Cheap shot Stu. Didn't take you for that kind of guy.
Anyhow, fake is the new authentic.
dude deftly infuses his work with gallows irony and a sardonic take on irreverence. I like it. Great way to frame a bigger concept and the OG Bali carry-on.
Story as old as time. You make a product that is a rip off, people rip you off. Remember when VHS was $30? Then DVDs and CDs were $30 despite the massively reduced production and shipping costs.. people burned their own shit. It's what happens. Are ripaquickbong shirts amazeballs quality shirts, or are they selling paste diamonds with a nike tick, wanting diamond money? kinda what needessentials seems to be about confronting head on as a company. while still supporting surfers and content.
great think piece.
Cheap shot..?
I'd never heard of Wuhan before COVID.
Throwaway line at best.
"dude deftly infuses his work with gallows irony and a sardonic take on irreverence."
Australia is rapidly losing its ability to take the piss.

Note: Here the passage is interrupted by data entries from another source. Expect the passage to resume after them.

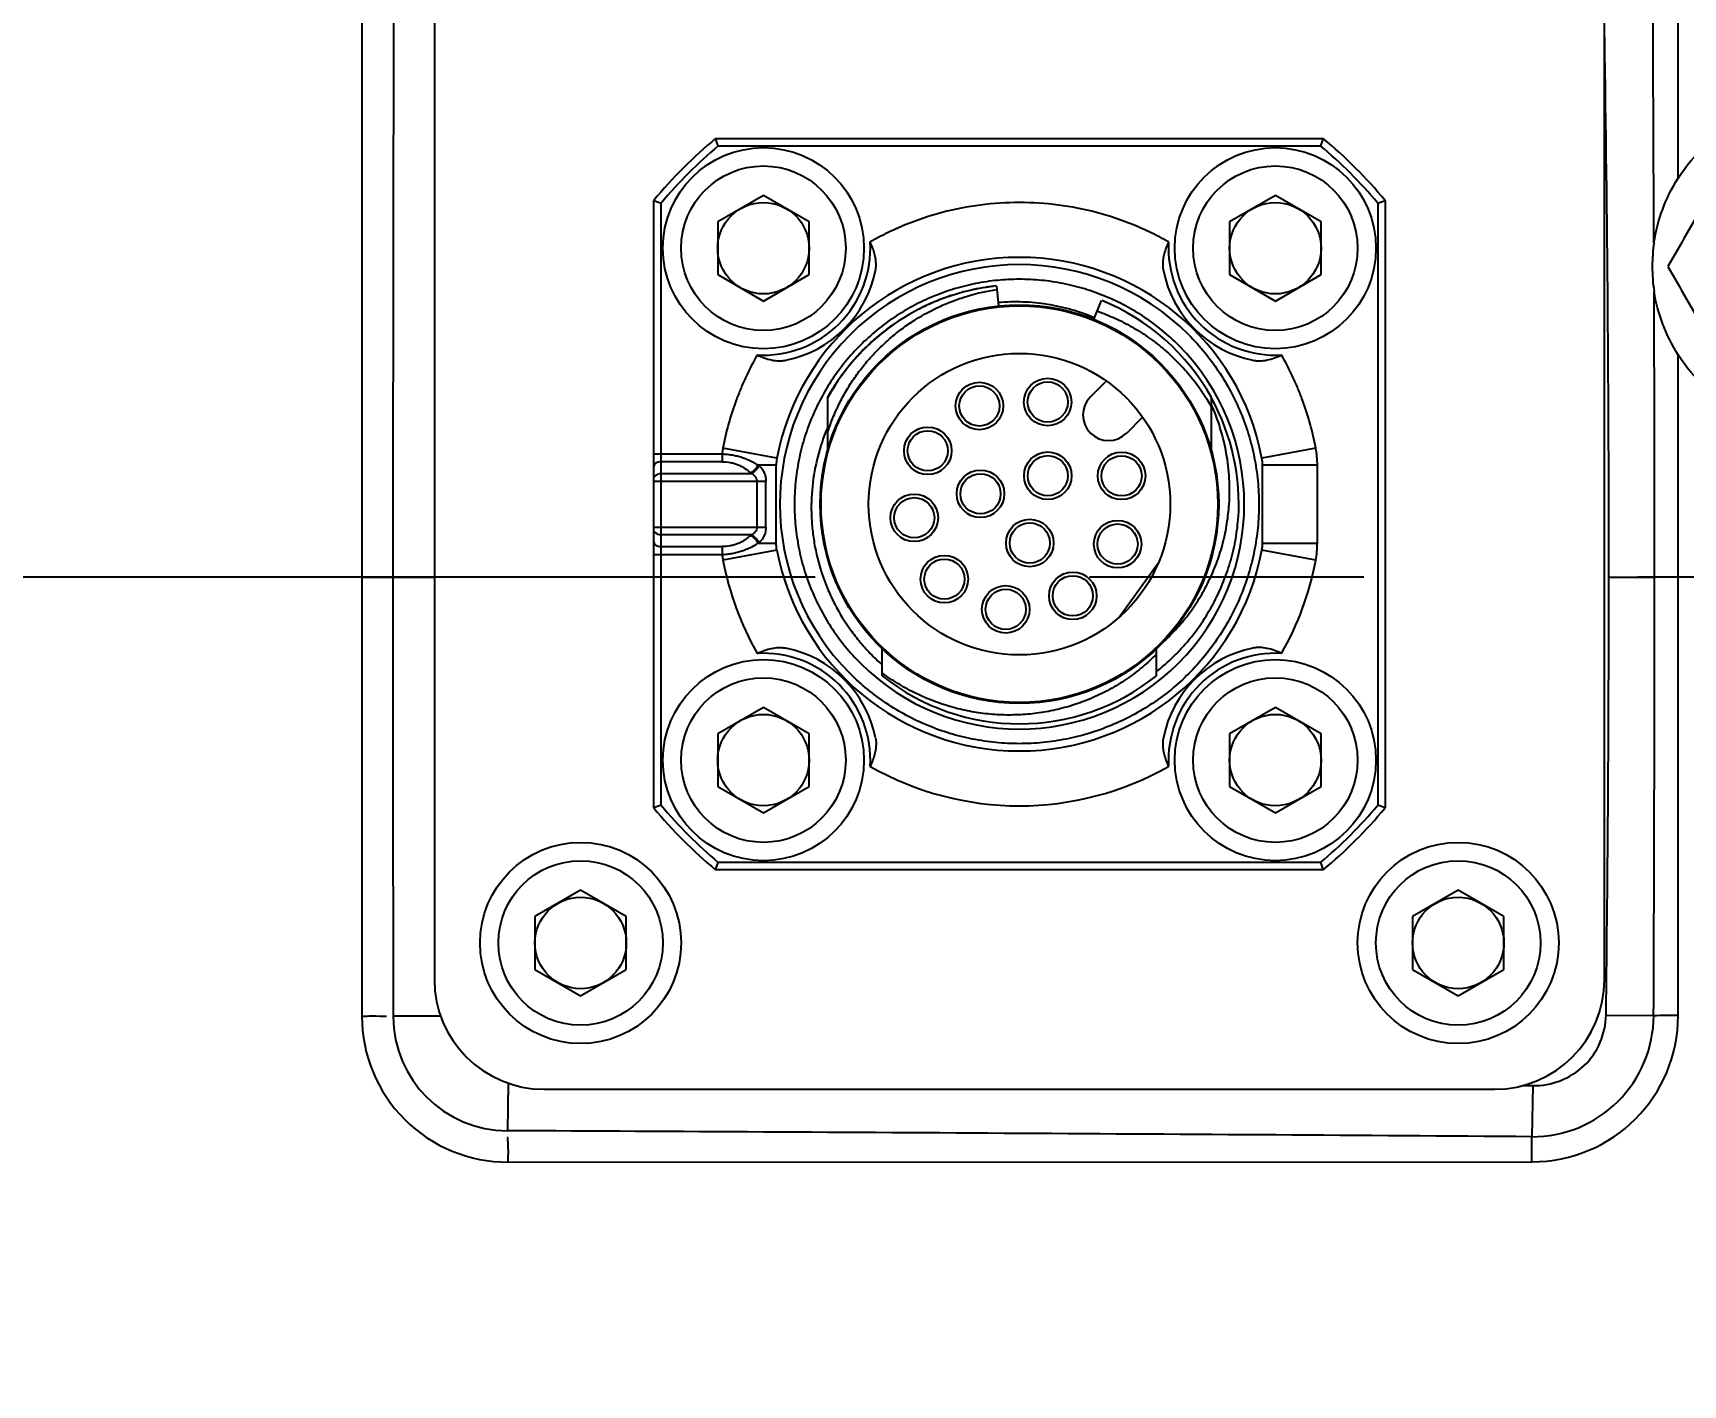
# Model space of a CAD drawing. Header units: millimetres. Extents: x 5828 to 6704, y 123 to 421.
# Drawn here: x 6532.654 to 6534.91, y 213.238 to 215.087 of the extents above; entities that cross this region are included whole.
import ezdxf

# ---------------------------------------------------------------- set-up
doc = ezdxf.new("R2010")
doc.units = ezdxf.units.MM
doc.linetypes.add('CENTER', pattern=[0.6, 0.375, -0.075, 0.075, -0.075])
for name, color, linetype in [('中心线', 7, 'Continuous'), ('外形图', 7, 'Continuous'), ('尺寸标注', 7, 'Continuous'), ('运动范围', 7, 'Continuous')]:
    doc.layers.add(name, color=color, linetype=linetype)
doc.styles.add('微软雅黑', font='msyh.ttc', dxfattribs={"height": 1.5})
doc.dimstyles.new('尺寸标注_1_20比例', dxfattribs={"dimtxt": 1.5, "dimasz": 1.25, "dimexe": 0.5, "dimexo": 0.4, "dimgap": 0.5, "dimtad": 1, "dimdec": 1, "dimlfac": 20, "dimdsep": 46, "dimtxsty": '微软雅黑', "dimcen": 0.09, "dimadec": 0, "dimazin": 0, "dimtp": 0.01, "dimtm": 0.01, "dimtfac": 1, "dimtdec": 1, "dimtofl": 0, "dimtmove": 0, "dimatfit": 3, "dimfxl": 1, "dimtolj": 1, "dimarcsym": 0})

# ---------------------------------------------------------------- blocks, each defined once
blk = doc.blocks.new('*D1145')
at = {"layer": 'Defpoints', "color": 0}
for p in [(6564.9775, 227.1499), (6618.6004, 224.7716), (6488.2514, 214.3423), (6559.4529, 214.3423), (6635.7237, 214.3423)]:
    blk.add_point(p, dxfattribs=at)
at = {"layer": '尺寸标注', "color": 0, "lineweight": -2}
blk.add_arc((6559.4529, 214.3423), 13.9483, 15.13637, 174.86363, dxfattribs=at)
at = {"layer": '尺寸标注', "color": 0}
for points in [[(6572.7139, 217.9391), (6573.1206, 218.0298), (6573.1893, 216.7644)], [(6545.3524, 215.6004), (6545.7687, 215.5817), (6545.5045, 214.3423)]]:
    blk.add_solid(points, dxfattribs=at)
at = {"layer": '尺寸标注', "color": 0, "insert": (6557.2583, 229.4032), "char_height": 1.5, "attachment_point": 5, "rotation": 8.2904, "style": '微软雅黑'}
blk.add_mtext('\\A1;{\\fAlibaba PuHuiTi 3.0 55 Regular|b0|i0|c134|p18;-\\A1;170%%d}', dxfattribs=at)
blk = doc.blocks.new('*D1146')
at = {"layer": 'Defpoints', "color": 0}
for p in [(6488.2514, 214.3423), (6559.4529, 214.3423), (6635.7237, 214.3423), (6618.6004, 203.913), (6564.9841, 201.5194)]:
    blk.add_point(p, dxfattribs=at)
at = {"layer": '尺寸标注', "color": 0, "lineweight": -2}
blk.add_arc((6559.4529, 214.3423), 13.965, 185.13022, 344.86978, dxfattribs=at)
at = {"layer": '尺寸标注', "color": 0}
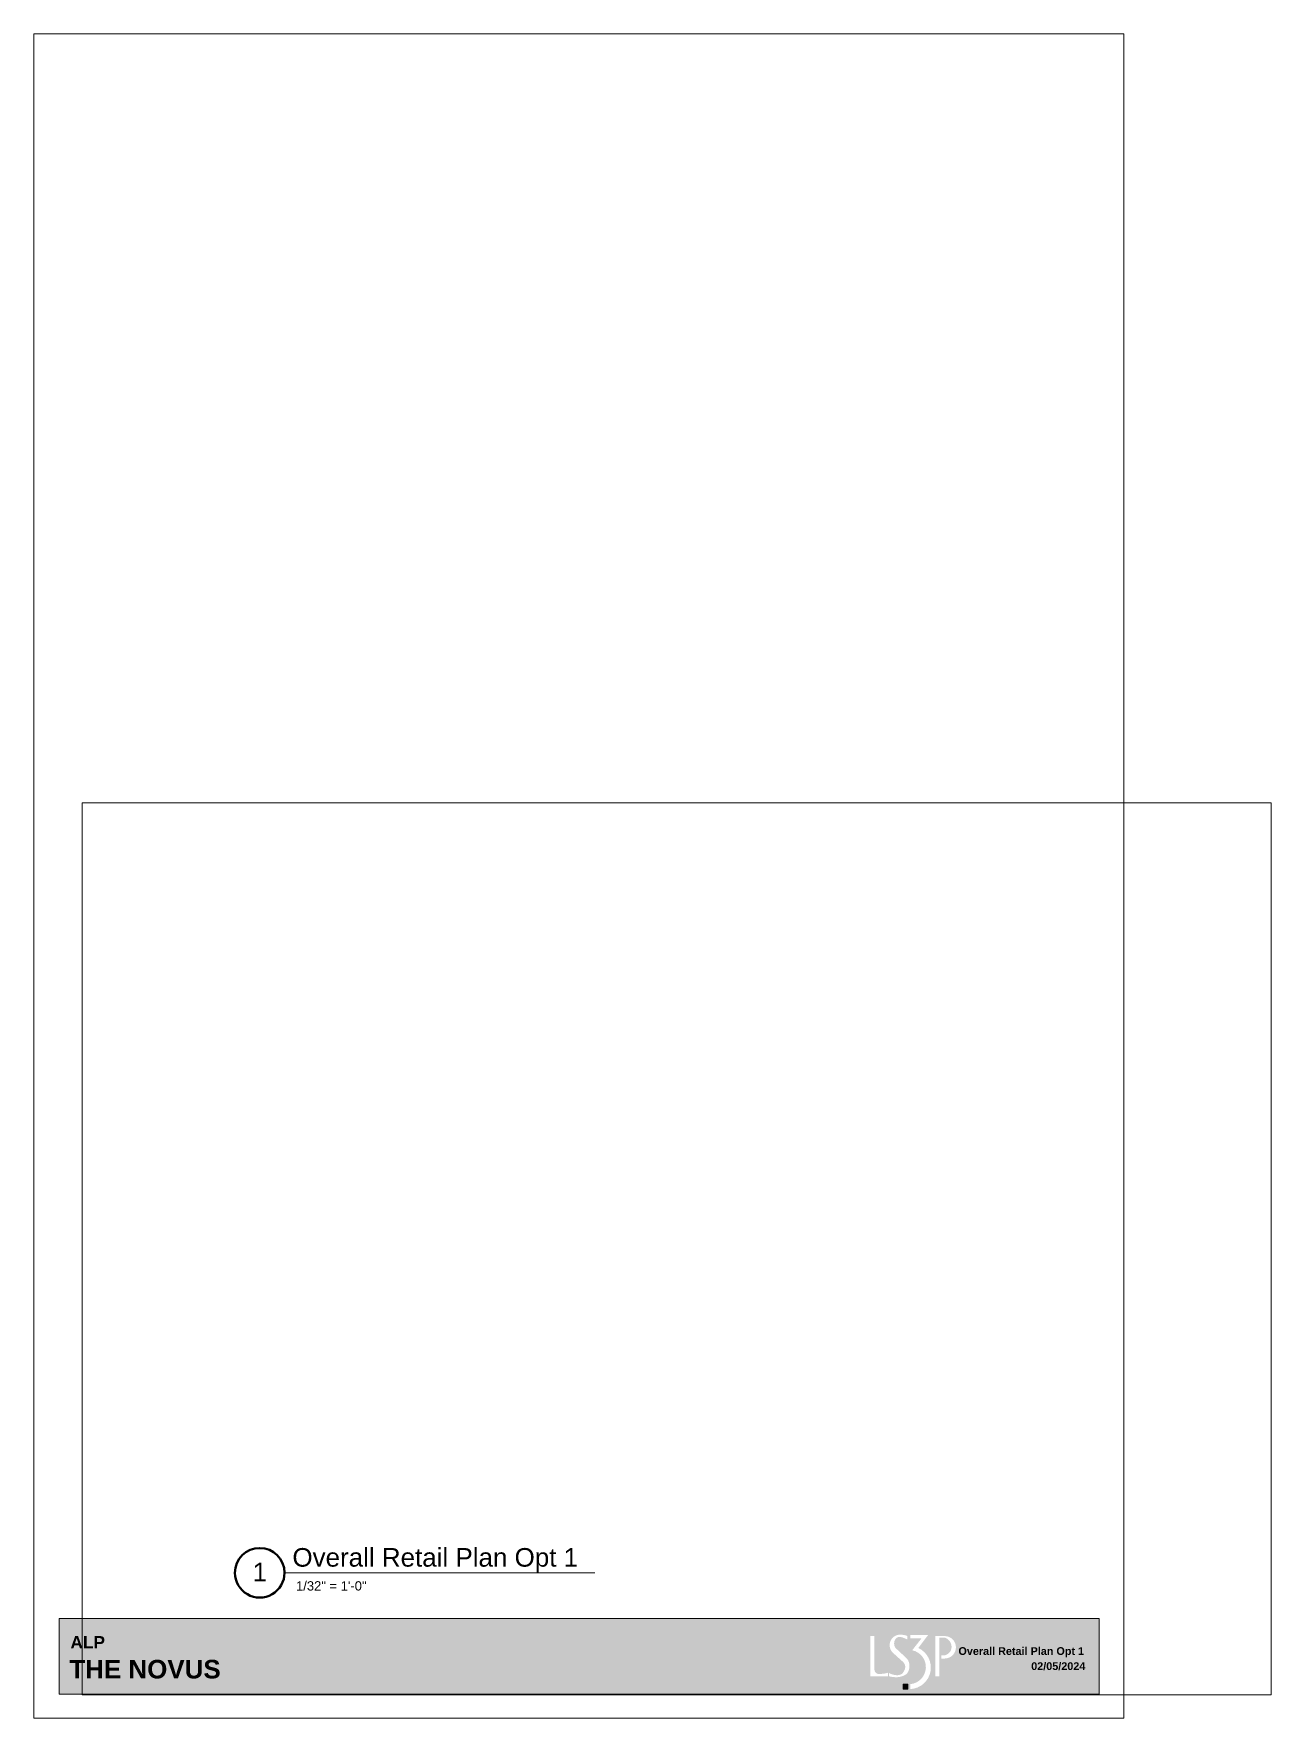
# Paper-space layout 'Layout1' of a CAD drawing. Header units: inches. Extents: x -0.5 to 12, y -0.2 to 16.8.
import ezdxf

# ---------------------------------------------------------------- set-up
doc = ezdxf.new("R2010")
doc.units = ezdxf.units.IN
doc.header["$MEASUREMENT"] = 0
doc.layers.add('G-ANNO-NPLT', color=191, linetype='Continuous', plot=False)
doc.layers.add('G-ANNO-TTLB', color=6, linetype='Continuous', lineweight=9)
doc.layers.add('G-ANNO-TTLB-THIN', color=151, linetype='Continuous', lineweight=20)
doc.styles.add('Arial_4', font='arial.ttf', dxfattribs={"height": 0.09374999999999999})
doc.styles.add('Arial_5', font='arial.ttf', dxfattribs={"height": 0.1875})
doc.styles.add('Arial_B', font='arialbd.ttf', dxfattribs={"height": 0.1875})
doc.styles.add('Arial_B_1', font='arialbd.ttf', dxfattribs={"height": 0.125})
doc.styles.add('Arial_B_2', font='arialbd.ttf', dxfattribs={"height": 0.078125})

# ---------------------------------------------------------------- blocks, each defined once
blk = doc.blocks.new('Titleblock-PRESENTATION LS3P 11x17 Vert - LS3P-3995577-Overall Retail Plan Opt 1')
at = {"layer": 'G-ANNO-TTLB'}
h = blk.add_hatch(color=256, dxfattribs=at)
h.paths.add_polyline_path([(8.28453837140032, 0.106973545840975), (8.28453837140032, 0.05726480290262603), (8.333571159540215, 0.05726480290262603), (8.333571159540215, 0.106973545840975)])
edge = h.paths.add_edge_path()
edge.add_line((8.609865514740623, 0.5925780816580168), (8.609865514740623, 0.1863280816580171))
edge.add_line((8.609865514740623, 0.186328081658017), (8.65180921542311, 0.186328081658017))
edge.add_line((8.65180921542311, 0.186328081658017), (8.65180921542311, 0.5751878693172436))
edge.add_arc((8.680679631461178, 0.4264169876348822), 0.1515462838830381, 79.01770798520579, 100.98229201480171, ccw=False)
edge.add_arc((8.674894052666517, 0.4823677585891593), 0.09907881172793337, 0.4739879608741262, 69.52601203915827, ccw=False)
edge.add_arc((8.688492335006956, 0.4824802549931071), 0.08548006406312239, -101.2113087114937, 0.4739879608732167, ccw=False)
edge.add_line((8.671872620297718, 0.3986314241412758), (8.671872620297718, 0.3656568563221265))
edge.add_line((8.671872620297718, 0.3656568563221265), (8.704325186783834, 0.3656568563221272))
edge.add_arc((8.70432518678383, 0.4791174689900743), 0.1134606126679487, 270.0000000000027, 450.0000000000005)
edge.add_line((8.70432518678383, 0.5925780816580168), (8.609865514740623, 0.5925780816580168))
edge = h.paths.add_edge_path()
edge.add_line((8.438508153995429, 0.4719679819153227), (8.537458574193543, 0.6032796246363934))
edge.add_line((8.537458574193543, 0.6032796246363936), (8.358682946969617, 0.6032796246363942))
edge.add_line((8.358682946969617, 0.6032796246363942), (8.358682946969617, 0.569816775567246))
edge.add_line((8.358682946969617, 0.569816775567246), (8.471096929883274, 0.569816775567246))
edge.add_line((8.471096929883274, 0.5698167755672461), (8.376818940964977, 0.4491464525512817))
edge.add_arc((8.341520354519165, 0.2795748851865236), 0.1732065433625798, -84.24104528476659, 78.24104528476943, ccw=False)
edge.add_line((8.358900516264557, 0.107242541613655), (8.358900516264557, 0.05719989112214233))
edge.add_arc((8.347127237992487, 0.2744832777536877), 0.2176021143907964, 273.1014804217371, 425.1688859795833)
edge = h.paths.add_edge_path()
edge.add_arc((8.25498915098192, 0.5004876390970825), 0.1060619416189418, 92.28164085134921, 127.7183591485818)
edge.add_arc((8.254989150981766, 0.5004876390971874), 0.1060619416187663, 127.718359148552, 162.2816408514477)
edge.add_arc((8.254989150982123, 0.5004876390970842), 0.1060619416191344, 162.2816408514527, 197.718359148547)
edge.add_arc((8.254989150982166, 0.5004876390971067), 0.1060619416191857, 197.7183591485507, 226.3233885420177)
edge.add_line((8.181744128168782, 0.4237784343489255), (8.284916363639589, 0.330881736271762))
edge.add_arc((8.240470315648828, 0.2815193991385228), 0.06642357645635184, -15.999999999987892, 48.00000000000102, ccw=False)
edge.add_arc((8.187182301530498, 0.2967994913031859), 0.1218590674818343, 315.99999999998147, 344.00000000001427, ccw=False)
edge.add_arc((8.223865425704428, 0.2922147801346191), 0.09491556127944402, 267.51656130204503, 302.4834386979577, ccw=False)
edge.add_arc((8.227165918043971, 0.368313232713765), 0.1710855536296069, 240.4834386979505, 267.51656130204543, ccw=False)
edge.add_line((8.142876323202241, 0.2194323042435066), (8.142876323202241, 0.1863280816580163))
edge.add_arc((8.217796213328219, 0.4822075532859952), 0.3052173842810089, 255.790741706372, 270.2092582935718)
edge.add_arc((8.218276501027324, 0.3507033950247554), 0.1737123489543292, 270.2092582935717, 299.7907417063503)
edge.add_arc((8.265621802037359, 0.2680028550233859), 0.07841829434309495, 299.7907417063496, 327.3336203271487)
edge.add_arc((8.221132516600468, 0.2901672936330081), 0.1279458642318353, 329.7320425031234, 382.8928982473452)
edge.add_arc((8.256026089163912, 0.3049018192698014), 0.09006885732815015, 22.89289824734242, 50.2092582939098)
edge.add_line((8.31366885599435, 0.3741095536101934), (8.205789300554319, 0.4747088665438481))
edge.add_arc((8.275520557758842, 0.5170381010155696), 0.08157335546785796, 148.7408314152524, 211.2591685847516, ccw=False)
edge.add_arc((8.250750119374933, 0.532074595929815), 0.0525962818226948, 81.25916858475699, 148.7408314152544, ccw=False)
edge.add_arc((8.17436899702919, 0.2614428725275612), 0.333467811217683, 62.37765211219249, 75.3437248390477, ccw=False)
edge.add_line((8.328978566063856, 0.5569029582941981), (8.328978566063856, 0.5928014270708227))
edge.add_arc((8.258250556744851, 0.4186316370830425), 0.1879828903028585, 67.89859041402705, 92.28164085134908)
edge = h.paths.add_edge_path()
edge.add_line((7.99586116299361, 0.5925780816580168), (7.95281222617933, 0.5925780816580168))
edge.add_line((7.95281222617933, 0.5925780816580168), (7.95281222617933, 0.1863280816580171))
edge.add_line((7.95281222617933, 0.186328081658017), (8.130917678951057, 0.186328081658017))
edge.add_line((8.130917678951057, 0.186328081658017), (8.130917678951057, 0.2219115702296775))
edge.add_arc((8.04377962939548, 0.5303288419930894), 0.3204906444848849, 269.8251280901278, 285.7767356706366, ccw=False)
edge.add_arc((8.039590072397878, 0.2534605634379518), 0.04373892566035997, 178.773790793221, 274.2105498830583, ccw=False)
edge.add_line((7.99586116299361, 0.254396565700669), (7.99586116299361, 0.5925780816580168))
h.paths.add_polyline_path([(10.2639929235304, 0.006946554933902905), (-0.2319922686475215, 0.006946554933902837), (-0.2319922686475215, 0.7680725388947816), (10.2639929235304, 0.7680725388947816)])
blk.add_hatch(color=256, dxfattribs=at).paths.add_polyline_path([(8.333571159540215, 0.1069735458409752), (8.333571159540215, 0.05726480290262619), (8.28453837140032, 0.05726480290262619), (8.28453837140032, 0.1069735458409752)])
for p, q in [((10.2639929235304, 0.7680725388947816), (-0.2319922686475215, 0.7680725388947816)), ((-0.2319922686475215, 0.7680725388947816), (-0.2319922686475215, 0.006946554933902837)), ((10.2639929235304, 0.006946554933902905), (10.2639929235304, 0.7680725388947816)), ((-0.2319922686475215, 0.006946554933902905), (10.2639929235304, 0.006946554933902905)), ((8.333571159540215, 0.1069735458409752), (8.28453837140032, 0.1069735458409752)), ((8.28453837140032, 0.1069735458409752), (8.28453837140032, 0.05726480290262619)), ((8.28453837140032, 0.05726480290262619), (8.333571159540215, 0.05726480290262619)), ((8.333571159540215, 0.05726480290262619), (8.333571159540215, 0.1069735458409752))]:
    blk.add_line(p, q, dxfattribs=at)
at = {"layer": 'G-ANNO-TTLB-THIN'}
for p, q in [((-0.4875000000000016, 16.7625), (-0.4875000000000016, -0.2375000000000025)), ((10.5125, 16.7625), (-0.4875000000000042, 16.7625)), ((10.5125, -0.2375000000000008), (10.5125, 16.7625)), ((-0.4875000000000016, -0.2375000000000008), (10.5125, -0.2375000000000008))]:
    blk.add_line(p, q, dxfattribs=at)
blk = doc.blocks.new('Viewport - View Title Default-184395-Overall Retail Plan Opt 1')
at = {"layer": 'G-ANNO-TTLB', "lineweight": 50}
for start, end in [(3.180554681463517e-13, 179.9999999999983), (179.9999999999983, 359.9999999999996)]:
    blk.add_arc((-0.2500000000000001, -8.202563697450902e-15), 0.2499999999999998, start, end, dxfattribs=at)

psp = doc.layouts.get("Layout1")

# ---------------------------------------------------------------- linework, layer by layer
at = {"layer": 'G-ANNO-NPLT', "lineweight": 9}
psp.add_line((2.0434410960539, 1.230804281286841), (5.175424463892032, 1.230804281286841), dxfattribs=at)

# ---------------------------------------------------------------- block references
at = {"layer": 'G-ANNO-TTLB'}
psp.add_blockref('Titleblock-PRESENTATION LS3P 11x17 Vert - LS3P-3995577-Overall Retail Plan Opt 1', (0, 0), dxfattribs=at)
at = {"layer": 'G-ANNO-TTLB', "lineweight": 50}
psp.add_blockref('Viewport - View Title Default-184395-Overall Retail Plan Opt 1', (2.0434410960539, 1.230804281286841), dxfattribs=at)

# ---------------------------------------------------------------- texts
at = {"layer": 'G-ANNO-TTLB', "attachment_point": 1}
for s, insert, char_height, width, style in [('Overall Retail Plan Opt 1', (2.123225801890502, 1.480340525721487), 0.1875, 3.50028125, 'Arial_5'), ('1', (1.721891457121914, 1.333096431233298), 0.1875, 0.17675, 'Arial_5'), (' 1/32" = 1\'-0"', (2.123225801890502, 1.145896993680091), 0.09374999999999999, 0.9121562499999999, 'Arial_4'), ('ALP', (-0.1171695344359772, 0.5920024822931602), 0.125, 0.4134687499999999, 'Arial_B_1'), ('THE NOVUS', (-0.1284000031859761, 0.3523845851214636), 0.1875, 1.855875, 'Arial_B'), ('Overall Retail Plan Opt 1', (8.84317391682996, 0.4802687022422629), 0.078125, 1.5718125, 'Arial_B_2'), ('02/05/2024', (9.577425885333897, 0.3281102806824674), 0.078125, 0.68175, 'Arial_B_2')]:
    psp.add_mtext(s, dxfattribs=dict(at, insert=insert, char_height=char_height, width=width, style=style))

# ---------------------------------------------------------------- viewports
at = {"layer": '0'}
psp.add_viewport(center=(6, 4.5), size=(12, 9), view_center_point=(6, 4.5), view_height=12, dxfattribs=at)

doc.saveas('drawing.dxf')

It's time to Make Irony Great Again.
tots, @AndyM, @seeds and I were discussing that while trying to get a shot of us recreating the classic roadkill/burls 'surfing at the point together' shot.. (we didn't get it, we're too old to flex like that, we donged heads a couple of times, we locked eyes for a bit when he resuscitated me..)
..but we later discussed how we admired @roady and @burls ability to occasionally see through the tribalism and have a fucken laugh about the absurdity of life, the universe and everything.
I wonder what they think now you can buy all the brands in BCF, Myers and TK Max. There is no soul now its owned by private equity.
I could draw the angry-looking Hot Tuna perfectly in year 10. Haven't seen it for years... it's tempting. A quick internet reveals it's an American Blues Rock band; I can see backpacks and bright children's shoes and apparently a link on aliexpress. It probably still exists and became something otherworldly to surfing a long while ago.
Let's all create our own surf brands and wear those.
that's awesome.. loved my white longsleeve hot tuna top, w pink fish. Also had a ripper white T with a rich blue Rusty R* on it.. I actually though it was a town and country top when I bought it, the R looked a little like a TC if you'd just been to hawaii and squinted.
Just out of interest, does Singapore get waves, or is it cursed in it's access to swell?
Singapore no, it's hemmed in too tight to Sumatra and those offshore islands. Don't have to cross the border too far into Malaysia, however, before the NE monsoon delivers small tasty peelers.